- Born: July 16, 1970 Homer, New York
- Died: June 22, 2024 (aged 53)
- Retired: 2019
- Debut season: 1985

Modified racing career
- Years active: 1988-2019
- Car number: 77X
- Championships: 11
- Wins: 189

Previous series
- 1985-1987 Wins: Mini-Stock 12

Championship titles
- 1994, 1995 NASCAR Mid-America and 1996 NASCAR New England Regional Champion 2012 DIRTcar 358 Modified Series Champion

= Dale Planck =

American Dirt Modified racing driver (1970–2024)

Dale Planck (July 16, 1970 – June 22, 2024) was an American Dirt Modified racing driver, credited with over 200 career wins at tracks in the Mid-Atlantic (United States) and two Canadian provinces.

==Racing career==
Planck began his racing career in 1985 in a 4-cylinder mini-mod at Dundee Speedway, New York, and by 1988, he had moved to the 358-modified class. He was soon competing successfully at the toughest venues in the Northeast, including Big Diamond Speedway (Pottsville) and Kutztown Speedway in Pennsylvania; Afton Park Speedway, Brewerton Speedway, Canandaigua Speedway, Orange County Fair Speedway (Middletown), Rolling Wheels Raceway (Elbridge), the Syracuse Mile, and the Weedsport Speedway in New York; Hagerstown Speedway, Maryland; and Merrittville Speedway in Thorold, Ontario.
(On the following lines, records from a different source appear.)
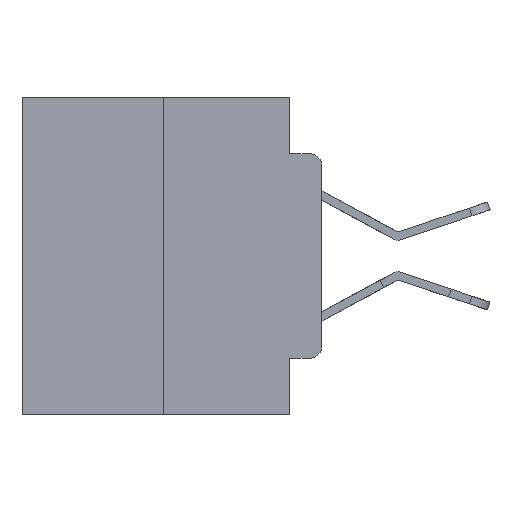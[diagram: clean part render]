
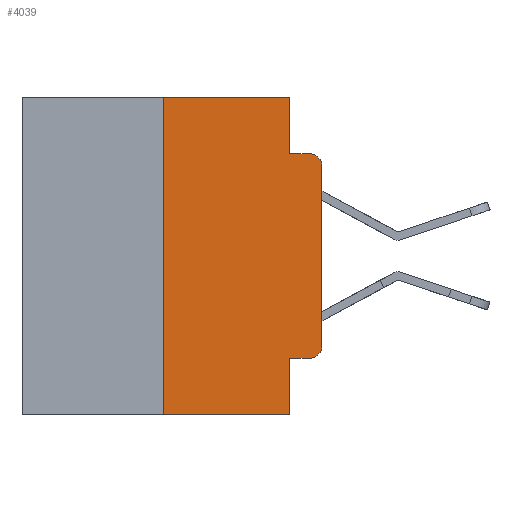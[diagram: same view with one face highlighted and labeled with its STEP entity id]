
A CAD part, left-side view. The second image highlights one B-rep face of the part: STEP entity #4039.
In plain terms, the highlighted planar face has unit normal (-1, 0, 0).
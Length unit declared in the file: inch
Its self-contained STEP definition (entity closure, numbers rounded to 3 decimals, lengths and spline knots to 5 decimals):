
#254 = VERTEX_POINT ( 'NONE', #435 ) ;
#288 = ORIENTED_EDGE ( 'NONE', *, *, #2861, .F. ) ;
#298 = CARTESIAN_POINT ( 'NONE',  ( 0., 0.051, -0.0885 ) ) ;
#377 = CARTESIAN_POINT ( 'NONE',  ( 0., 0.473, 0. ) ) ;
#435 = CARTESIAN_POINT ( 'NONE',  ( 0., 0.051, 0. ) ) ;
#673 = CARTESIAN_POINT ( 'NONE',  ( 0., 0.02, -0.4115 ) ) ;
#1035 = DIRECTION ( 'NONE',  ( 0., 0., -1. ) ) ;
#1210 = AXIS2_PLACEMENT_3D ( 'NONE', #19504, #2364, #2538 ) ;
#1328 = ORIENTED_EDGE ( 'NONE', *, *, #26571, .F. ) ;
#1422 = EDGE_CURVE ( 'NONE', #254, #20928, #18627, .T. ) ;
#1958 = LINE ( 'NONE', #11196, #23296 ) ;
#2164 = LINE ( 'NONE', #377, #13341 ) ;
#2364 = DIRECTION ( 'NONE',  ( -1., 0., 0. ) ) ;
#2517 = DIRECTION ( 'NONE',  ( 0., 0., -1. ) ) ;
#2538 = DIRECTION ( 'NONE',  ( 0., 0., -1. ) ) ;
#2610 = DIRECTION ( 'NONE',  ( -1., 0., 0. ) ) ;
#2694 = CARTESIAN_POINT ( 'NONE',  ( 0., 0.02, -0.3915 ) ) ;
#2811 = CIRCLE ( 'NONE', #24267, 0.02 ) ;
#2861 = EDGE_CURVE ( 'NONE', #20928, #10528, #1958, .T. ) ;
#2879 = ORIENTED_EDGE ( 'NONE', *, *, #10503, .F. ) ;
#2927 = CARTESIAN_POINT ( 'NONE',  ( 0., 0.051, -0.5 ) ) ;
#3205 = PLANE ( 'NONE',  #22375 ) ;
#3885 = VERTEX_POINT ( 'NONE', #2927 ) ;
#4039 = ADVANCED_FACE ( 'NONE', ( #7864 ), #3205, .F. ) ;
#4190 = DIRECTION ( 'NONE',  ( 0., 0., 1. ) ) ;
#4757 = CARTESIAN_POINT ( 'NONE',  ( 0., 0., -0.1085 ) ) ;
#4948 = VECTOR ( 'NONE', #9242, 39.37008 ) ;
#5353 = LINE ( 'NONE', #23455, #21176 ) ;
#5728 = EDGE_CURVE ( 'NONE', #6217, #10528, #16873, .T. ) ;
#6131 = DIRECTION ( 'NONE',  ( 0., 0., -1. ) ) ;
#6217 = VERTEX_POINT ( 'NONE', #4757 ) ;
#6272 = EDGE_CURVE ( 'NONE', #14123, #16222, #2811, .T. ) ;
#7622 = ORIENTED_EDGE ( 'NONE', *, *, #1422, .F. ) ;
#7864 = FACE_OUTER_BOUND ( 'NONE', #26013, .T. ) ;
#8350 = CARTESIAN_POINT ( 'NONE',  ( 0., 0., -0.3915 ) ) ;
#8361 = VECTOR ( 'NONE', #17819, 39.37008 ) ;
#8785 = CARTESIAN_POINT ( 'NONE',  ( 0., 0., 0. ) ) ;
#8858 = DIRECTION ( 'NONE',  ( 0., -1., 0. ) ) ;
#8861 = ORIENTED_EDGE ( 'NONE', *, *, #11851, .F. ) ;
#9084 = EDGE_CURVE ( 'NONE', #24989, #14123, #5353, .T. ) ;
#9242 = DIRECTION ( 'NONE',  ( 0., -1., 0. ) ) ;
#10503 = EDGE_CURVE ( 'NONE', #24989, #3885, #11513, .T. ) ;
#10528 = VERTEX_POINT ( 'NONE', #12432 ) ;
#10583 = LINE ( 'NONE', #23512, #4948 ) ;
#10637 = ORIENTED_EDGE ( 'NONE', *, *, #5728, .T. ) ;
#11196 = CARTESIAN_POINT ( 'NONE',  ( 0., 0.051, -0.0885 ) ) ;
#11513 = LINE ( 'NONE', #20532, #16334 ) ;
#11851 = EDGE_CURVE ( 'NONE', #18178, #13192, #25704, .T. ) ;
#12175 = ORIENTED_EDGE ( 'NONE', *, *, #9084, .T. ) ;
#12432 = CARTESIAN_POINT ( 'NONE',  ( 0., 0.02, -0.0885 ) ) ;
#12746 = EDGE_CURVE ( 'NONE', #16222, #6217, #15401, .T. ) ;
#13192 = VERTEX_POINT ( 'NONE', #26447 ) ;
#13341 = VECTOR ( 'NONE', #8858, 39.37008 ) ;
#14077 = CARTESIAN_POINT ( 'NONE',  ( 0., 0.051, -0.4115 ) ) ;
#14123 = VERTEX_POINT ( 'NONE', #673 ) ;
#15390 = ORIENTED_EDGE ( 'NONE', *, *, #12746, .T. ) ;
#15401 = LINE ( 'NONE', #8785, #21418 ) ;
#15627 = VECTOR ( 'NONE', #4190, 39.37008 ) ;
#15724 = DIRECTION ( 'NONE',  ( 1., 0., 0. ) ) ;
#16222 = VERTEX_POINT ( 'NONE', #8350 ) ;
#16334 = VECTOR ( 'NONE', #6131, 39.37008 ) ;
#16873 = CIRCLE ( 'NONE', #1210, 0.02 ) ;
#17819 = DIRECTION ( 'NONE',  ( 0., 0., -1. ) ) ;
#18098 = DIRECTION ( 'NONE',  ( 0., -1., 0. ) ) ;
#18178 = VERTEX_POINT ( 'NONE', #26150 ) ;
#18506 = CARTESIAN_POINT ( 'NONE',  ( 0., 0.051, 0. ) ) ;
#18627 = LINE ( 'NONE', #18506, #8361 ) ;
#18681 = CARTESIAN_POINT ( 'NONE',  ( 0., 0.25, 0. ) ) ;
#19504 = CARTESIAN_POINT ( 'NONE',  ( 0., 0.02, -0.1085 ) ) ;
#20532 = CARTESIAN_POINT ( 'NONE',  ( 0., 0.051, 0. ) ) ;
#20928 = VERTEX_POINT ( 'NONE', #298 ) ;
#21123 = ORIENTED_EDGE ( 'NONE', *, *, #6272, .T. ) ;
#21176 = VECTOR ( 'NONE', #25462, 39.37008 ) ;
#21418 = VECTOR ( 'NONE', #24986, 39.37008 ) ;
#21791 = EDGE_CURVE ( 'NONE', #18178, #3885, #10583, .T. ) ;
#21807 = CARTESIAN_POINT ( 'NONE',  ( 0., 0.473, 0. ) ) ;
#22375 = AXIS2_PLACEMENT_3D ( 'NONE', #21807, #15724, #1035 ) ;
#23296 = VECTOR ( 'NONE', #18098, 39.37008 ) ;
#23455 = CARTESIAN_POINT ( 'NONE',  ( 0., 0.051, -0.4115 ) ) ;
#23512 = CARTESIAN_POINT ( 'NONE',  ( 0., 0.473, -0.5 ) ) ;
#24267 = AXIS2_PLACEMENT_3D ( 'NONE', #2694, #2610, #2517 ) ;
#24986 = DIRECTION ( 'NONE',  ( 0., 0., 1. ) ) ;
#24989 = VERTEX_POINT ( 'NONE', #14077 ) ;
#25462 = DIRECTION ( 'NONE',  ( 0., -1., 0. ) ) ;
#25704 = LINE ( 'NONE', #18681, #15627 ) ;
#26013 = EDGE_LOOP ( 'NONE', ( #15390, #10637, #288, #7622, #1328, #8861, #26579, #2879, #12175, #21123 ) ) ;
#26150 = CARTESIAN_POINT ( 'NONE',  ( 0., 0.25, -0.5 ) ) ;
#26447 = CARTESIAN_POINT ( 'NONE',  ( 0., 0.25, 0. ) ) ;
#26571 = EDGE_CURVE ( 'NONE', #13192, #254, #2164, .T. ) ;
#26579 = ORIENTED_EDGE ( 'NONE', *, *, #21791, .T. ) ;

Planck won the first of three consecutive NASCAR regional modified championships in 1994, captured the 2009 and 2012 DIRTcar 358-Modified touring series, and was the Mr. Dirt 358-modified titlist in 2012. Along the way, he claimed track championships at Fulton Speedway and Utica-Rome Speedway (Vernon) in New York.

Planck was inducted into the New York State Stock Car Association Hall of Fame with the class of 2024 and the Northeast Dirt Modified Hall of Fame in 2025.

Plank died on June 22, 2024, at the age of 53.